Certain methods like flatten() require 2D array input. For 1D arrays, use ravel() or reshape(-1) instead.

ValueError: axes don’t match array

Occurs during transpose when the specified axes are invalid for the array dimensions. Double check the axes numbers match the array shape.

MemoryError

Large arrays may fail to reshape or transpose due to insufficient memory. Try reshaping in smaller chunks or look at optimizing your overall memory usage.

Carefully handling errors and exceptions will help you debug shape manipulation issues more efficiently.

Conclusion

In this guide, we covered several essential methods in NumPy for manipulating array shapes:

Learning how to leverage these functions allows you to restructure arrays for computations and modeling without altering the underlying data.

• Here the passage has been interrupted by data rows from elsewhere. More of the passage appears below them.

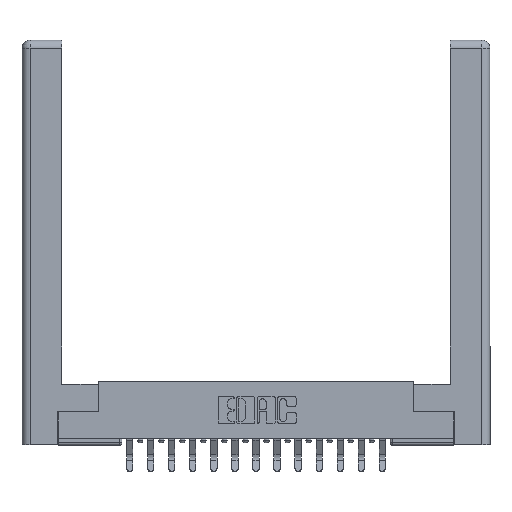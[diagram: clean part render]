
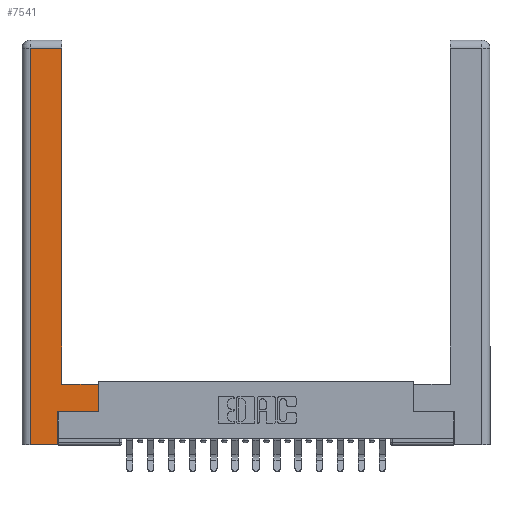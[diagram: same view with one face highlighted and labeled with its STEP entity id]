
A CAD part, top view. The second image highlights one B-rep face of the part: STEP entity #7541.
In plain terms, the highlighted planar face has unit normal (0, 0, 1).
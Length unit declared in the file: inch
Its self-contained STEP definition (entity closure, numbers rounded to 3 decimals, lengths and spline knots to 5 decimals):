
#1090 = AXIS2_PLACEMENT_3D ( 'NONE', #5129, #3698, #3776 ) ;
#1228 = CARTESIAN_POINT ( 'NONE',  ( 0.0615, 2.94, 0. ) ) ;
#1340 = VERTEX_POINT ( 'NONE', #2956 ) ;
#1878 = ORIENTED_EDGE ( 'NONE', *, *, #16406, .T. ) ;
#2419 = PLANE ( 'NONE',  #1090 ) ;
#2557 = VERTEX_POINT ( 'NONE', #12459 ) ;
#2625 = ORIENTED_EDGE ( 'NONE', *, *, #5947, .T. ) ;
#2754 = EDGE_CURVE ( 'NONE', #13485, #1340, #7481, .T. ) ;
#2850 = VECTOR ( 'NONE', #7127, 39.37008 ) ;
#2956 = CARTESIAN_POINT ( 'NONE',  ( 0.265, 0., 0. ) ) ;
#3149 = VERTEX_POINT ( 'NONE', #3576 ) ;
#3239 = ORIENTED_EDGE ( 'NONE', *, *, #15809, .T. ) ;
#3576 = CARTESIAN_POINT ( 'NONE',  ( 0.295, 0.45, 0. ) ) ;
#3641 = DIRECTION ( 'NONE',  ( 0., 1., 0. ) ) ;
#3698 = DIRECTION ( 'NONE',  ( 0., 0., -1. ) ) ;
#3776 = DIRECTION ( 'NONE',  ( -1., 0., 0. ) ) ;
#4039 = ORIENTED_EDGE ( 'NONE', *, *, #4901, .T. ) ;
#4318 = CARTESIAN_POINT ( 'NONE',  ( 0.0615, 0., 0. ) ) ;
#4670 = CARTESIAN_POINT ( 'NONE',  ( 0.565, 0.45, 0. ) ) ;
#4765 = VECTOR ( 'NONE', #6373, 39.37008 ) ;
#4901 = EDGE_CURVE ( 'NONE', #16887, #3149, #8826, .T. ) ;
#4949 = EDGE_LOOP ( 'NONE', ( #3239, #1878, #8077, #7996, #11765, #2625, #17188, #4039 ) ) ;
#5129 = CARTESIAN_POINT ( 'NONE',  ( 0., 0., 0. ) ) ;
#5903 = CARTESIAN_POINT ( 'NONE',  ( 0.0615, 2.94, 0. ) ) ;
#5947 = EDGE_CURVE ( 'NONE', #13837, #2557, #15379, .T. ) ;
#6021 = CARTESIAN_POINT ( 'NONE',  ( 0.295, 0.45, 0. ) ) ;
#6345 = LINE ( 'NONE', #17328, #15395 ) ;
#6373 = DIRECTION ( 'NONE',  ( -1., 0., 0. ) ) ;
#6860 = CARTESIAN_POINT ( 'NONE',  ( 0.565, 0.245, 0. ) ) ;
#7127 = DIRECTION ( 'NONE',  ( 0., -1., 0. ) ) ;
#7481 = LINE ( 'NONE', #15844, #9956 ) ;
#7541 = ADVANCED_FACE ( 'NONE', ( #7837 ), #2419, .F. ) ;
#7837 = FACE_OUTER_BOUND ( 'NONE', #4949, .T. ) ;
#7996 = ORIENTED_EDGE ( 'NONE', *, *, #2754, .T. ) ;
#8077 = ORIENTED_EDGE ( 'NONE', *, *, #8621, .T. ) ;
#8224 = LINE ( 'NONE', #4318, #2850 ) ;
#8266 = VECTOR ( 'NONE', #16744, 39.37008 ) ;
#8571 = DIRECTION ( 'NONE',  ( 0., 1., 0. ) ) ;
#8621 = EDGE_CURVE ( 'NONE', #16716, #13485, #8224, .T. ) ;
#8826 = LINE ( 'NONE', #6021, #4765 ) ;
#8844 = DIRECTION ( 'NONE',  ( 0., 1., 0. ) ) ;
#9018 = VERTEX_POINT ( 'NONE', #16969 ) ;
#9670 = CARTESIAN_POINT ( 'NONE',  ( 0.265, 0.245, 0. ) ) ;
#9917 = LINE ( 'NONE', #15474, #17776 ) ;
#9956 = VECTOR ( 'NONE', #14554, 39.37008 ) ;
#10528 = VECTOR ( 'NONE', #14822, 39.37008 ) ;
#11056 = CARTESIAN_POINT ( 'NONE',  ( 0.0615, 0., 0. ) ) ;
#11765 = ORIENTED_EDGE ( 'NONE', *, *, #13753, .T. ) ;
#12459 = CARTESIAN_POINT ( 'NONE',  ( 0.565, 0.245, 0. ) ) ;
#12828 = VECTOR ( 'NONE', #8844, 39.37008 ) ;
#13279 = LINE ( 'NONE', #1228, #10528 ) ;
#13485 = VERTEX_POINT ( 'NONE', #11056 ) ;
#13753 = EDGE_CURVE ( 'NONE', #1340, #13837, #6345, .T. ) ;
#13837 = VERTEX_POINT ( 'NONE', #9670 ) ;
#14554 = DIRECTION ( 'NONE',  ( 1., 0., 0. ) ) ;
#14822 = DIRECTION ( 'NONE',  ( -1., 0., 0. ) ) ;
#15379 = LINE ( 'NONE', #6860, #8266 ) ;
#15395 = VECTOR ( 'NONE', #3641, 39.37008 ) ;
#15474 = CARTESIAN_POINT ( 'NONE',  ( 0.295, 3., 0. ) ) ;
#15809 = EDGE_CURVE ( 'NONE', #3149, #9018, #9917, .T. ) ;
#15844 = CARTESIAN_POINT ( 'NONE',  ( 0.265, 0., 0. ) ) ;
#15935 = EDGE_CURVE ( 'NONE', #2557, #16887, #17107, .T. ) ;
#16067 = CARTESIAN_POINT ( 'NONE',  ( 0.565, 0.45, 0. ) ) ;
#16406 = EDGE_CURVE ( 'NONE', #9018, #16716, #13279, .T. ) ;
#16716 = VERTEX_POINT ( 'NONE', #5903 ) ;
#16744 = DIRECTION ( 'NONE',  ( 1., 0., 0. ) ) ;
#16887 = VERTEX_POINT ( 'NONE', #16067 ) ;
#16969 = CARTESIAN_POINT ( 'NONE',  ( 0.295, 2.94, 0. ) ) ;
#17107 = LINE ( 'NONE', #4670, #12828 ) ;
#17188 = ORIENTED_EDGE ( 'NONE', *, *, #15935, .T. ) ;
#17328 = CARTESIAN_POINT ( 'NONE',  ( 0.265, 0.245, 0. ) ) ;
#17776 = VECTOR ( 'NONE', #8571, 39.37008 ) ;

We also looked at real-world examples like preparing data for machine learning and plotting, where reshaping arrays is extremely useful. Debugging common exceptions and errors will help you resolve problems faster.

NumPy’s array manipulation capabilities make it a versatile tool for data science, visualization, and scientific computing. Mastering array shaping unlocks more of its potential.

Hopefully this guide provided a comprehensive overview of changing array shapes in NumPy. Thanks for reading!